To do
Give back exactly the lines running from the line with "Upper Limit/1 ->" to the end of the entries, and only those lines.

Provided data

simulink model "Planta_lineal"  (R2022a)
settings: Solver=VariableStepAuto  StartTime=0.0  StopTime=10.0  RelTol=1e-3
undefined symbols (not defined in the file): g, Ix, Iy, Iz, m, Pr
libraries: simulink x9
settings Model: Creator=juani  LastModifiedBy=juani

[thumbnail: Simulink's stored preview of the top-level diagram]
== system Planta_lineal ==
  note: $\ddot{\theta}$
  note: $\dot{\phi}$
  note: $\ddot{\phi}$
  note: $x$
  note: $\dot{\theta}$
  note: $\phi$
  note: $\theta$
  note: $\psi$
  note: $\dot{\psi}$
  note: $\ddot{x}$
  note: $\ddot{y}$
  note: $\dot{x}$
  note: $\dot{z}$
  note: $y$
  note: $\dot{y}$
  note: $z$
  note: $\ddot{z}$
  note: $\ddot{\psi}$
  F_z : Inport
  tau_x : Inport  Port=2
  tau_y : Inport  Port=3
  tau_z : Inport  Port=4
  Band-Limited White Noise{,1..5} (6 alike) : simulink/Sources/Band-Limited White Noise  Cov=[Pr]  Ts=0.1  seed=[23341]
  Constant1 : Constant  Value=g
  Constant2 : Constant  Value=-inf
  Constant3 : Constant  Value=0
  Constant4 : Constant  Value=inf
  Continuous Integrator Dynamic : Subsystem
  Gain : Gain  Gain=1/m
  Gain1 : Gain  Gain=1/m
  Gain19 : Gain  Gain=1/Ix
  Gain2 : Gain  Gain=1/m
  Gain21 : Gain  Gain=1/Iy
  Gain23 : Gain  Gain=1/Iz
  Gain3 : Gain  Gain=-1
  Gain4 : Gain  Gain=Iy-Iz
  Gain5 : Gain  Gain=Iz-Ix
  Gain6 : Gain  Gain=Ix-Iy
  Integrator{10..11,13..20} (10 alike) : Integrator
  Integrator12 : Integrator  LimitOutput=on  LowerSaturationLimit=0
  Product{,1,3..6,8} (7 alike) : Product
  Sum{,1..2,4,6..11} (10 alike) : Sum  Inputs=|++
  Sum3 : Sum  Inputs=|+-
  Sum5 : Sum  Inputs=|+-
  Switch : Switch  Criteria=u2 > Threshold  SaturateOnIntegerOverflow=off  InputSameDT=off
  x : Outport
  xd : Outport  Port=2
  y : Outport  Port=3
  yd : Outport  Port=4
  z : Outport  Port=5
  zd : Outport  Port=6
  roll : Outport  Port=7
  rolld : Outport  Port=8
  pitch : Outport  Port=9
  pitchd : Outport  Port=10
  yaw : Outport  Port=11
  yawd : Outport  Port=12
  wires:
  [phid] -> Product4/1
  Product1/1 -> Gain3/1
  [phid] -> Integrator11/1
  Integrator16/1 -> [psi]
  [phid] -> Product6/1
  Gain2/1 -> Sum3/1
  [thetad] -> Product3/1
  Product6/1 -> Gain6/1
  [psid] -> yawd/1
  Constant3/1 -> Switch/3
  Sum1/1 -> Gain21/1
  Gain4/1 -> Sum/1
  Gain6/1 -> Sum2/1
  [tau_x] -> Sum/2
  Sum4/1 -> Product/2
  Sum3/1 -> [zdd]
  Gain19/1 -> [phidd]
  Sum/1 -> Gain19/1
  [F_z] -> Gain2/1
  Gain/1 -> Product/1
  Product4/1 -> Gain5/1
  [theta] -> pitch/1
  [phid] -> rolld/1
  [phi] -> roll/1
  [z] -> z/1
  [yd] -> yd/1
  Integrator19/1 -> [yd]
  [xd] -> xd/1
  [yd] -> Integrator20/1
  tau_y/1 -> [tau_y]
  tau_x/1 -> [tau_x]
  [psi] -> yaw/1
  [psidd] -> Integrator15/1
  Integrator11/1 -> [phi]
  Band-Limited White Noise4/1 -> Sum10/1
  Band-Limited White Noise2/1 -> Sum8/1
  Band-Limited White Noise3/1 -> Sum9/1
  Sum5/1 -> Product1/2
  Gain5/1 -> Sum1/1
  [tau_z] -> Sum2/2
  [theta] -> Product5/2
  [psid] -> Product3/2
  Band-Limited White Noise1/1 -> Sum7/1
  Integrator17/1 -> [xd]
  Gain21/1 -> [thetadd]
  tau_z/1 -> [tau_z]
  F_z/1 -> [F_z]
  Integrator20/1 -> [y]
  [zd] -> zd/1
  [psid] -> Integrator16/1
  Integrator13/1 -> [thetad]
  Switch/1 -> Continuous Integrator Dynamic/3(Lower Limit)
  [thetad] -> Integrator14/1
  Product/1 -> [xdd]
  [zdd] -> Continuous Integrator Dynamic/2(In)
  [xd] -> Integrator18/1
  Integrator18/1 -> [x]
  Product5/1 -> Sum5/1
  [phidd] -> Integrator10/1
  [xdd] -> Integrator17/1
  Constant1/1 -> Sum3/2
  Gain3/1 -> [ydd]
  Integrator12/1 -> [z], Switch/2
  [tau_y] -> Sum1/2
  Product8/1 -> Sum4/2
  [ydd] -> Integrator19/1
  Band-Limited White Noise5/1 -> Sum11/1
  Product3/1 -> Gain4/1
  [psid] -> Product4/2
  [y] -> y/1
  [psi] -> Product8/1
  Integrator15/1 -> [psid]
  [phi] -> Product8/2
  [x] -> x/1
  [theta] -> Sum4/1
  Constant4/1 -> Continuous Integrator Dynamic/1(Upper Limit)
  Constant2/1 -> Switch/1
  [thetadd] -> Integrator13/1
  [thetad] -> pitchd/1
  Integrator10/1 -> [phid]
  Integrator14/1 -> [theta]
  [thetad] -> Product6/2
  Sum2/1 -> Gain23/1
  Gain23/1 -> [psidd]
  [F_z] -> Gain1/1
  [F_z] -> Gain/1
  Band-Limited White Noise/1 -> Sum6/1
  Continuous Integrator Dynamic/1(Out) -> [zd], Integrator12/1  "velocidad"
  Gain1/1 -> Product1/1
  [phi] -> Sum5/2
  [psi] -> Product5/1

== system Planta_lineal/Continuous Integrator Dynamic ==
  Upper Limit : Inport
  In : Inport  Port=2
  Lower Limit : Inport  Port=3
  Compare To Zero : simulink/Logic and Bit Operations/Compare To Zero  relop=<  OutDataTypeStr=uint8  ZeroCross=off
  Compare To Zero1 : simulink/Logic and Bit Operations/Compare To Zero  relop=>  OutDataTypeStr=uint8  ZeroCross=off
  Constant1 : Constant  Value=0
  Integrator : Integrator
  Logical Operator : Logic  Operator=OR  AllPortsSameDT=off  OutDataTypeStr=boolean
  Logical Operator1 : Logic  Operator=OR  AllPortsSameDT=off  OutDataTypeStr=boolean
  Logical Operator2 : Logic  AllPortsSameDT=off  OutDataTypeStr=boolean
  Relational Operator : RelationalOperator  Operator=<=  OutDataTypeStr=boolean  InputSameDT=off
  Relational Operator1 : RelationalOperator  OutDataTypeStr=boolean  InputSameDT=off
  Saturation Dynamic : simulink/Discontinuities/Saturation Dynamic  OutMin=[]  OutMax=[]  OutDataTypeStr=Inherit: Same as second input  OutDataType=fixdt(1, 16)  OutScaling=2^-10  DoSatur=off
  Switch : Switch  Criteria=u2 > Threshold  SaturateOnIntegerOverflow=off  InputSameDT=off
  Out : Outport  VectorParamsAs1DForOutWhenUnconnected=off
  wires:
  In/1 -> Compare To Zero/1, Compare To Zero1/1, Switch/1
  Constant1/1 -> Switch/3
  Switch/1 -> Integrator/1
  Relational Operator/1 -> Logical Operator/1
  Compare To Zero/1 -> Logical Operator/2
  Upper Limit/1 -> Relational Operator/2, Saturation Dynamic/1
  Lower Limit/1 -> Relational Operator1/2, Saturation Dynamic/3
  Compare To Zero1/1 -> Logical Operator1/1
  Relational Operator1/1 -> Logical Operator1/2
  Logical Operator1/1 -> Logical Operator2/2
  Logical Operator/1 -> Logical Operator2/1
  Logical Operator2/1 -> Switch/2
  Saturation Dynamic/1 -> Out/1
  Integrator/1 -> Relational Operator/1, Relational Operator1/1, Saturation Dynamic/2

Your response
  Upper Limit/1 -> Relational Operator/2, Saturation Dynamic/1
  Lower Limit/1 -> Relational Operator1/2, Saturation Dynamic/3
  Compare To Zero1/1 -> Logical Operator1/1
  Relational Operator1/1 -> Logical Operator1/2
  Logical Operator1/1 -> Logical Operator2/2
  Logical Operator/1 -> Logical Operator2/1
  Logical Operator2/1 -> Switch/2
  Saturation Dynamic/1 -> Out/1
  Integrator/1 -> Relational Operator/1, Relational Operator1/1, Saturation Dynamic/2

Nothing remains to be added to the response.